Wedding Day- Aaaargh!!!
By now perhaps you have come to your senses and know you should at least delegate the wedding cake set up duty. If you insist on doing it yourself, grab a sharp knife, a bowl of frosting, a frosting bag with tip in place, a long flat spatula, your flowers and greenery, paper towels, a kitchen towel and a picture of your cake. (In the heat of the moment you may very well forget what your beautiful wedding cake is supposed to look like when you're done.)
Print out Mapquest turn-by-turn instructions to the reception hall. Throw all of these things in a box or tote bag. Load up your cake layers. (in boxes.) Make sure they are resting flat. Turn on the air conditioner and drive very carefully, no sudden turns or stops that may cause layers to shift or smash against the side of a box. (Think Baby on Board)
Setting up your cake-
The person in charge of setting up your reception hall should have your cake table decorated and waiting. Check it out before bringing in your cake boxes so you'll know where to go when you enter the hall.
Take out your wedding cake picture and follow the plan. Begin by placing the large bottom layer in the middle of the table, then add the next layers in turn. If you have columns or pillars, set them in place between their appropriate separator plates. If the cake is tall, get a step stool or chair to stand on so you won't knock it over while you're adding the final layers. No optimistic reaching.
Wet your kitchen towel and use it to clean stray frosting from your hands as you work. Use paper towels to clean up the area.
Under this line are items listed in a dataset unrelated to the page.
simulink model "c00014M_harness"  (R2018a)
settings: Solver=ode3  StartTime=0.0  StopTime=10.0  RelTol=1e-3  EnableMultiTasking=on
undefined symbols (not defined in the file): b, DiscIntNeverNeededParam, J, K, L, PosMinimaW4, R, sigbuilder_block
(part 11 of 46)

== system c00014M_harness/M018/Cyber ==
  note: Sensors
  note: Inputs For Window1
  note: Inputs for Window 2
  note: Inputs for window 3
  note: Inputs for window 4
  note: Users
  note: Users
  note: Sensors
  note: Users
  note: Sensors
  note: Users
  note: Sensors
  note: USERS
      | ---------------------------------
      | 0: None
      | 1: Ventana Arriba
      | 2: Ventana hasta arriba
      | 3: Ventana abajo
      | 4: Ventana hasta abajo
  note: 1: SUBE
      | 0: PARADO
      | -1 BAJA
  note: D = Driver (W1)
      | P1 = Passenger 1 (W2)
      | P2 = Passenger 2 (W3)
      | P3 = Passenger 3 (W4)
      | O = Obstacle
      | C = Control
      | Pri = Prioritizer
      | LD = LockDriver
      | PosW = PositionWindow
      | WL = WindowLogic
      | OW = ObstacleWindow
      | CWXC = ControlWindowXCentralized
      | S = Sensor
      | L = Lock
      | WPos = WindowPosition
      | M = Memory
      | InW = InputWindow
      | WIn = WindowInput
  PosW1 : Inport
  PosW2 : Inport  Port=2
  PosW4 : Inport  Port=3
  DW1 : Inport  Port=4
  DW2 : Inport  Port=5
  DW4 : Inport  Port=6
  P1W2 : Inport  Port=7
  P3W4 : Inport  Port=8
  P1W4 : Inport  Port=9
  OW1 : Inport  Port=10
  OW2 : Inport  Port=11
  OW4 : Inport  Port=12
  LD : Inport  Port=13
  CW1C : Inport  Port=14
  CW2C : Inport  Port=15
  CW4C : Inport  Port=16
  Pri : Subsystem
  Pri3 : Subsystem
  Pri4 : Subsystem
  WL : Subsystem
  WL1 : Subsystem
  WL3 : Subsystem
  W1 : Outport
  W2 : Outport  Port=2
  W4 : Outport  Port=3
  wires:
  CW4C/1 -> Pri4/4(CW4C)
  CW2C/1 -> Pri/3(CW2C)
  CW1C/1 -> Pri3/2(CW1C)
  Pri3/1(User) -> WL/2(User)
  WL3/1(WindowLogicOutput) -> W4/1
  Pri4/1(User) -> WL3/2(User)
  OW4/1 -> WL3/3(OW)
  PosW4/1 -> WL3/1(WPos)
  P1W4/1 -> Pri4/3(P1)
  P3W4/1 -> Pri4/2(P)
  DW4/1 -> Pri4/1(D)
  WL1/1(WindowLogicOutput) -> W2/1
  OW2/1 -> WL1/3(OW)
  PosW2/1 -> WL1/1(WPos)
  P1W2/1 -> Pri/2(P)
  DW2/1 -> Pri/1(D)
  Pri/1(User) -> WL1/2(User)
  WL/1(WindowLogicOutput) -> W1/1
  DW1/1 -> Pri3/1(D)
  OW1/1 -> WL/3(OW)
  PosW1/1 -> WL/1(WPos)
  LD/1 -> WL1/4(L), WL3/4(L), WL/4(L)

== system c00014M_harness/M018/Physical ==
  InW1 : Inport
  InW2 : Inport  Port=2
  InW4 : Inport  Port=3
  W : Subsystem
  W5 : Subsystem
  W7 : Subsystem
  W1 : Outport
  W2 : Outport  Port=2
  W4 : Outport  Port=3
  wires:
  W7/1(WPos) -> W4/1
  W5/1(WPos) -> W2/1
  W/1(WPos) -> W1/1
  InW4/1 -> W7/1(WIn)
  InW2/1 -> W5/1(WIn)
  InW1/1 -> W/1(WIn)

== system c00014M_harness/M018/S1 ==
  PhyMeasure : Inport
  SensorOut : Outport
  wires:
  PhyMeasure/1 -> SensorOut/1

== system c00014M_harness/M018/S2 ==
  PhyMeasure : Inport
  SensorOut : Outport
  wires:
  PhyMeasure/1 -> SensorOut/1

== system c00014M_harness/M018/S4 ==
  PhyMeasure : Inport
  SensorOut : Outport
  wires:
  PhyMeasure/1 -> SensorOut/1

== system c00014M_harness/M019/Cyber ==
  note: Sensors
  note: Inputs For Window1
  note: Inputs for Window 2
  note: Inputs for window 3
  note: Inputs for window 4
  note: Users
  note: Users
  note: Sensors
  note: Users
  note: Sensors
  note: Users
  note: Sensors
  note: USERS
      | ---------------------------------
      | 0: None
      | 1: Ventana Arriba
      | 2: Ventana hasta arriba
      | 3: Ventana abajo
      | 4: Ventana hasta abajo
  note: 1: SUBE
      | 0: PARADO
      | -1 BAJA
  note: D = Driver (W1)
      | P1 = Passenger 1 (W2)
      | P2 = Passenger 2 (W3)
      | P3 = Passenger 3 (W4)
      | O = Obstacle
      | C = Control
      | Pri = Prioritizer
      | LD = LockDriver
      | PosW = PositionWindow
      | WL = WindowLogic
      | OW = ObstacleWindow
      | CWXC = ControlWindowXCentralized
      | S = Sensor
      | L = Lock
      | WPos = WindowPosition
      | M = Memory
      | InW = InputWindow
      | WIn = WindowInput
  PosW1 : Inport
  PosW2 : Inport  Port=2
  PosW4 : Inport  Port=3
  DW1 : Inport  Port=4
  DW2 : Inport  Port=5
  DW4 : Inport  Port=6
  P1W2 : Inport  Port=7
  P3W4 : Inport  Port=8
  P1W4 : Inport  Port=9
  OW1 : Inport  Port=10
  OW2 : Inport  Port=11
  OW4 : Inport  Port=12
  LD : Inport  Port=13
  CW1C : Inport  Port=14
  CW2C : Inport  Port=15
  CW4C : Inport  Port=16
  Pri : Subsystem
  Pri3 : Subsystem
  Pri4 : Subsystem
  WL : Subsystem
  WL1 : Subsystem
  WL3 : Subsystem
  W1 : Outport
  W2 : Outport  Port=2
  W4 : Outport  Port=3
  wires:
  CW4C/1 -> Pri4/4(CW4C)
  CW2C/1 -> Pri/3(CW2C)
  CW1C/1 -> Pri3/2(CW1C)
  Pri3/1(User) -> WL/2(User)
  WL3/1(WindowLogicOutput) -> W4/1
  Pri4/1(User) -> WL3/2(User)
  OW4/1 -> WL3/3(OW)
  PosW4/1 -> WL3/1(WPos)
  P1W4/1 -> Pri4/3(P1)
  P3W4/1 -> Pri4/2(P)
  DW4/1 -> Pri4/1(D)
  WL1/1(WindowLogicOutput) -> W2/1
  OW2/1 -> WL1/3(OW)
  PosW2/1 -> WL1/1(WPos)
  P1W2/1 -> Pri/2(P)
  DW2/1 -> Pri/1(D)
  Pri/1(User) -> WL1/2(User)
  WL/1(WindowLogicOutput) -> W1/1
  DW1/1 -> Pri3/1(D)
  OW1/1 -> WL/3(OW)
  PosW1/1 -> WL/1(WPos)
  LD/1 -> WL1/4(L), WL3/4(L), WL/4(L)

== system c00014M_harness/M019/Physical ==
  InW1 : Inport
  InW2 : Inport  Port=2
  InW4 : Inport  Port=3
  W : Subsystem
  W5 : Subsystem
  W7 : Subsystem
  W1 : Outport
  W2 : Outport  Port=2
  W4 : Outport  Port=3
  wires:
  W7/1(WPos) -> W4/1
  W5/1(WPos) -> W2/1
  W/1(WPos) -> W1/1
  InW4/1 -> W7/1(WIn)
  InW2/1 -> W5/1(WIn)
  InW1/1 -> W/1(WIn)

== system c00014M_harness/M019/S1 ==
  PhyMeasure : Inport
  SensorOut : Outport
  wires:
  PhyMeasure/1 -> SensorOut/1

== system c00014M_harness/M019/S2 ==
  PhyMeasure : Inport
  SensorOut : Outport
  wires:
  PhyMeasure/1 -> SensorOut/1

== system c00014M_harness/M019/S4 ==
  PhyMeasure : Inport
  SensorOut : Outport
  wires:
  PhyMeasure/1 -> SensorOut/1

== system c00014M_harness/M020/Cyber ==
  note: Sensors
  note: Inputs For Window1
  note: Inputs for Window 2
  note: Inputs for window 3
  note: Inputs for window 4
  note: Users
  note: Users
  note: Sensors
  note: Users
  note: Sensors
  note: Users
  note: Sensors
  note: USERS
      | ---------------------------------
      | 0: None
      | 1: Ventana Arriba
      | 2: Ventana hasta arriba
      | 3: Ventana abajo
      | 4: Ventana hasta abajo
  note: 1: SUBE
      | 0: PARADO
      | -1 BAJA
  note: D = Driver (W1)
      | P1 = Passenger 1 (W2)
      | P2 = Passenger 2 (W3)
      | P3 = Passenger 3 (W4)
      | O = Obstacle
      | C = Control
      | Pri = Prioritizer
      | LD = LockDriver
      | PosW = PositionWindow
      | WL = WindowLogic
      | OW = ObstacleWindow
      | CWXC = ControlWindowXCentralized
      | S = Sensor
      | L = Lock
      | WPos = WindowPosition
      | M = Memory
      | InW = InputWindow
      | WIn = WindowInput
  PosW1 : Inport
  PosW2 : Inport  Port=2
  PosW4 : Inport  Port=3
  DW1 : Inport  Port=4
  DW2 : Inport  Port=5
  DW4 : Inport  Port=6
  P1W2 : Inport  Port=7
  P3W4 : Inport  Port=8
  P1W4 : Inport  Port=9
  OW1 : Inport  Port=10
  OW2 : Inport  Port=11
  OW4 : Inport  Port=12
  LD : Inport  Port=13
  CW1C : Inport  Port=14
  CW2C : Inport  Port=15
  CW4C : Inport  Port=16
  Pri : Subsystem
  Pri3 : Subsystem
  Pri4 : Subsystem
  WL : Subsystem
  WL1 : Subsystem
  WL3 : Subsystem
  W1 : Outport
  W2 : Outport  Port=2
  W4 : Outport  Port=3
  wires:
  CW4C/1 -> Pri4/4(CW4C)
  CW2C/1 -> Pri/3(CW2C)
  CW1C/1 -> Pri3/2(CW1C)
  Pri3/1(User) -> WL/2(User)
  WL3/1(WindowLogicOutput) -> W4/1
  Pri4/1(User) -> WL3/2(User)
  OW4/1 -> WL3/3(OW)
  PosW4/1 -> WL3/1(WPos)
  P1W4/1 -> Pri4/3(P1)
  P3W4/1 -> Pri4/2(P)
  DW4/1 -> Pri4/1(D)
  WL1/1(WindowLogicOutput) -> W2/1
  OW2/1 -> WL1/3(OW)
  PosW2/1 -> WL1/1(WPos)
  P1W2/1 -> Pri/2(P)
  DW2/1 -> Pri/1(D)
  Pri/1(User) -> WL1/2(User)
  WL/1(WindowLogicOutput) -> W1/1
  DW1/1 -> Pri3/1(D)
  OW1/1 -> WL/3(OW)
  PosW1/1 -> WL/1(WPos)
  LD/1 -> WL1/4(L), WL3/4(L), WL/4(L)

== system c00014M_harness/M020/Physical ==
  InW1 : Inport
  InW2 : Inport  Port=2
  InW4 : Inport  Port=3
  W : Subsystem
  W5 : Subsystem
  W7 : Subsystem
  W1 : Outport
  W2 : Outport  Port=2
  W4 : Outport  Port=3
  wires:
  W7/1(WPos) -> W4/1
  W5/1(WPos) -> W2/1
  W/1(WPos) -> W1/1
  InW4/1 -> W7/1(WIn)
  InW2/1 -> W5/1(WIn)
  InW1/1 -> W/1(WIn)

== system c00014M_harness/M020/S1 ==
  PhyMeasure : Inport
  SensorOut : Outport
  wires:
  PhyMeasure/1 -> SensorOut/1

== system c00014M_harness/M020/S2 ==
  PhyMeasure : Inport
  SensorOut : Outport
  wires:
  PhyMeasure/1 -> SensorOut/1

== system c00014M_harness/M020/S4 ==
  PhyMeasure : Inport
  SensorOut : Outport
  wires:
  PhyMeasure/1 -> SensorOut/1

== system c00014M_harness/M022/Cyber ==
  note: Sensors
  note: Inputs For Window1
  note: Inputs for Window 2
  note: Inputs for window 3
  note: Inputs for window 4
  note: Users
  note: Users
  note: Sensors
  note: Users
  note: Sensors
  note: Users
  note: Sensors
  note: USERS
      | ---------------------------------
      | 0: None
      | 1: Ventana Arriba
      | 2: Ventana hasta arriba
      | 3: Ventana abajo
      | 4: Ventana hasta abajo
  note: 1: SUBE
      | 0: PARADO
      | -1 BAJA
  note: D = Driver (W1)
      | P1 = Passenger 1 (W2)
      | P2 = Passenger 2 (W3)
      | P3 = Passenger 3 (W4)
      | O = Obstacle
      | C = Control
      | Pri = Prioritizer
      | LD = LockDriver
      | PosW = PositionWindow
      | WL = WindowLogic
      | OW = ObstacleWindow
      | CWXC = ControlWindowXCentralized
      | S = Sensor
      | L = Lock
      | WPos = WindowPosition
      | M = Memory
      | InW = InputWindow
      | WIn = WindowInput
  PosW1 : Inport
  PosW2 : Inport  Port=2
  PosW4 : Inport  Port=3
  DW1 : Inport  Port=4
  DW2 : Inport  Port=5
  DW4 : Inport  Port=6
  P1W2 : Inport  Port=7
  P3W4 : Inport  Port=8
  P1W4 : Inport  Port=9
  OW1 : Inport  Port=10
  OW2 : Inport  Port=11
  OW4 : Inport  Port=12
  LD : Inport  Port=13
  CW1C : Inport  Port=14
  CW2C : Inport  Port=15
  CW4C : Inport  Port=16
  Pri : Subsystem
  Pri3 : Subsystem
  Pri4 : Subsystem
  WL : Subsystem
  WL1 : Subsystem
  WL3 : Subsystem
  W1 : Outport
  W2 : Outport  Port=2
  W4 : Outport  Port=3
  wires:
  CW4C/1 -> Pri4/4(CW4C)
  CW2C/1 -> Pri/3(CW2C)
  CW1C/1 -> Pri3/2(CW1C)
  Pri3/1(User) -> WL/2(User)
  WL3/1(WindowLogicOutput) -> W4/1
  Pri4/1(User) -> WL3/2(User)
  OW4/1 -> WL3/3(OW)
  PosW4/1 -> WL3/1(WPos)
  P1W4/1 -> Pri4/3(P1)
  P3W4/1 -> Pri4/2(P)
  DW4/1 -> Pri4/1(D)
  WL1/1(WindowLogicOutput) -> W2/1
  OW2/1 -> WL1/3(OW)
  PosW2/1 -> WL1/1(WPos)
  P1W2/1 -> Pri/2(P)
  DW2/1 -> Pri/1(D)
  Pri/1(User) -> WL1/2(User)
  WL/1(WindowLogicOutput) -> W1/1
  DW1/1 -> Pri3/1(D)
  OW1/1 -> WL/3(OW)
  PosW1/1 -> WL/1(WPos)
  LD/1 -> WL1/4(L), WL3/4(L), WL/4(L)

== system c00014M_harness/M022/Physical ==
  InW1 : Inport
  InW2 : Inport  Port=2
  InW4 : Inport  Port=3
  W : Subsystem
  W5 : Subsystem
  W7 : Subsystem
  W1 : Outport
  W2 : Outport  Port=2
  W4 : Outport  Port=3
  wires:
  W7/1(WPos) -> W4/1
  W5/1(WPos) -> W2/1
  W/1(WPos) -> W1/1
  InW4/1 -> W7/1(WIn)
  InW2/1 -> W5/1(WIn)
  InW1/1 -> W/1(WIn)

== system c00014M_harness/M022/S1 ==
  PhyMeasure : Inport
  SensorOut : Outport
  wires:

There will be a mess.
Last Minute Once Over-
When you are done "building" your cake, add frosting borders to the base of each layer that needs them.
Arrange your greenery around the base layer, close to the bottom edge of the cake, then sprigs of baby's breath. Cut flowers with a knife, just the tops with a little stem, and place them strategically in your greenery.
Add your fresh mini flower arrangement inside the pillared layer and place your wedding couple on top. (You don't have to have a couple at all. A flower arrangement can be just as beautiful.)
Complete a once-over and use your bag of frosting to fill in any accidental gouges you find in the cake surface. Use your cake spatula to smooth areas that need it.
You're done; but you don't have time to pat yourself on the back. Just grab your wedding dress and run to the church before they realize you're not there.